4. Dendrogram of Quantitative Variables

We then wanted to do an analysis using our scaled quantitative variables (age, travel time, study time, failures, and absences), scaling them rather than using the dissimilarity matrix to compare the results. We used complete linkage and colored by alcohol consumption levels again.

These dendrograms using only the quantitative variables give similar conclusions to the other dendrograms, but distinguish the levels of weekend alcohol consumption less clearly. This seems to confirm that the categorical variables give us some insight on student alcohol consumption levels.

Research Question 2: What is the distribution of alcohol consumption conditioned on different romantic relationship status and gender?

5. Distribution of Alcohol Consumption by Relationship Status for Weekday and Weekend

We wanted to learn about the distribution of alcohol consumption conditioned on different romantic relationship status and gender, which suggests we should examine alcohol consumption of single students versus students in a relationship. We created barplots comparing both weekday and weekend alcohol consumption levels of these two groups.
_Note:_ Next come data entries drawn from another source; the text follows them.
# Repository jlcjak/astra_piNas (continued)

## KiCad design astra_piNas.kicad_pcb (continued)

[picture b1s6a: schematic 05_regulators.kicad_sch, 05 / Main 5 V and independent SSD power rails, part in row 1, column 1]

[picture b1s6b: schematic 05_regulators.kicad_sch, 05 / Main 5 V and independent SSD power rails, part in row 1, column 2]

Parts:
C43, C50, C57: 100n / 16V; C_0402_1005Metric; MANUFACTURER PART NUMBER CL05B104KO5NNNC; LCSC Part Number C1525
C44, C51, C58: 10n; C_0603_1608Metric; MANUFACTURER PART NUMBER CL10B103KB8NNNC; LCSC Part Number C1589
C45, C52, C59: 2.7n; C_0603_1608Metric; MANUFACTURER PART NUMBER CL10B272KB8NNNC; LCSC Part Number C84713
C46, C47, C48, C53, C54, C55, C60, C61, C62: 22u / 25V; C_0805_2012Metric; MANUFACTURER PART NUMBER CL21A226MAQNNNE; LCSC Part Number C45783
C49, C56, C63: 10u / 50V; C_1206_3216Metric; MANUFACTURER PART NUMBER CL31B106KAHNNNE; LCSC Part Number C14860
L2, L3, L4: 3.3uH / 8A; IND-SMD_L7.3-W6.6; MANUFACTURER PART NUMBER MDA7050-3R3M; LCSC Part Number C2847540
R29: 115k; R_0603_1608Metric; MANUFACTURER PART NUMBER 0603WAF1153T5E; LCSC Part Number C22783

Based on the above graph, the amount that students in a relationship and not in a relationship drink in both the weekday and weekend seems to be very similar. Additionally, it seems that students across all relationship statuses seem to drink more on the weekends, with more students falling into the higher categories of alcohol consumption on the weekend than on the weekday. It seems that relationship status is not an important factor in alcohol consumption.

6. Distribution of Alcohol Consumption by Gender and Relationship Status

Since this dataset is looking at data for secondary school students, activities such as dating could be linked to amount of alcohol consumption as they are both affected by similar things, such as student experimentation and strictness of parents. Additionally, we assume that relationships and drinking behavior would tend to differ for different genders, so we would like to observe that as well. We created a series of stacked barplots, one for each combination of relationship status and time of week (weekend vs. weekday), colored by gender.

It seems that there are much fewer females that consume higher amounts of alcohol, whereas the distribution of males consuming each amount of alcohol seems to be more even, which makes sense due to the physical differences of males and females of the same age. In general, it seems that those who are single consume similar amounts of alcohol compared to those who are in a relationship across both genders.This indicates that gender may be an important factor in alcohol consumption amounts, but not necessarily relationship status.

Research Question 3: What is the relationship between absences and alcohol consumption, conditioned on quality of family relationships?

We also wanted to take a deeper look at the relationship between alcohol consumption and absences, conditioned on quality of family relationships. To do so, we created several faceted scatterplots.

We can see that for weekday alcohol consumption, there are more observations where people have lower alcohol consumption on the 1-5 scale. For weekend alcohol consumption, it has a more even alcohol consumption distribution between 1-5. We do not see any meaningful relationships between absences and alcohol consumption even when we condition it on family relationships. We may want to look at the other variables that will give us a more discernible relationship.

Conclusion

From our dendrograms and boxplots, it seems that both our quantitative and categorical variables give insight into student alcohol consumption amounts. Based on analysis on some of the individual variables we thought would be related to alcohol consumption, it seems that alcohol consumption does vary based on gender but not as much on romantic and family relationship status. In conclusion, we see that the variables that we initially thought would affect alcohol consumption among students actually do not have a relationship with alcohol consumption. We would like to continue exploring other variables in this dataset that may be associated with alcohol consumption among these students in Portugal.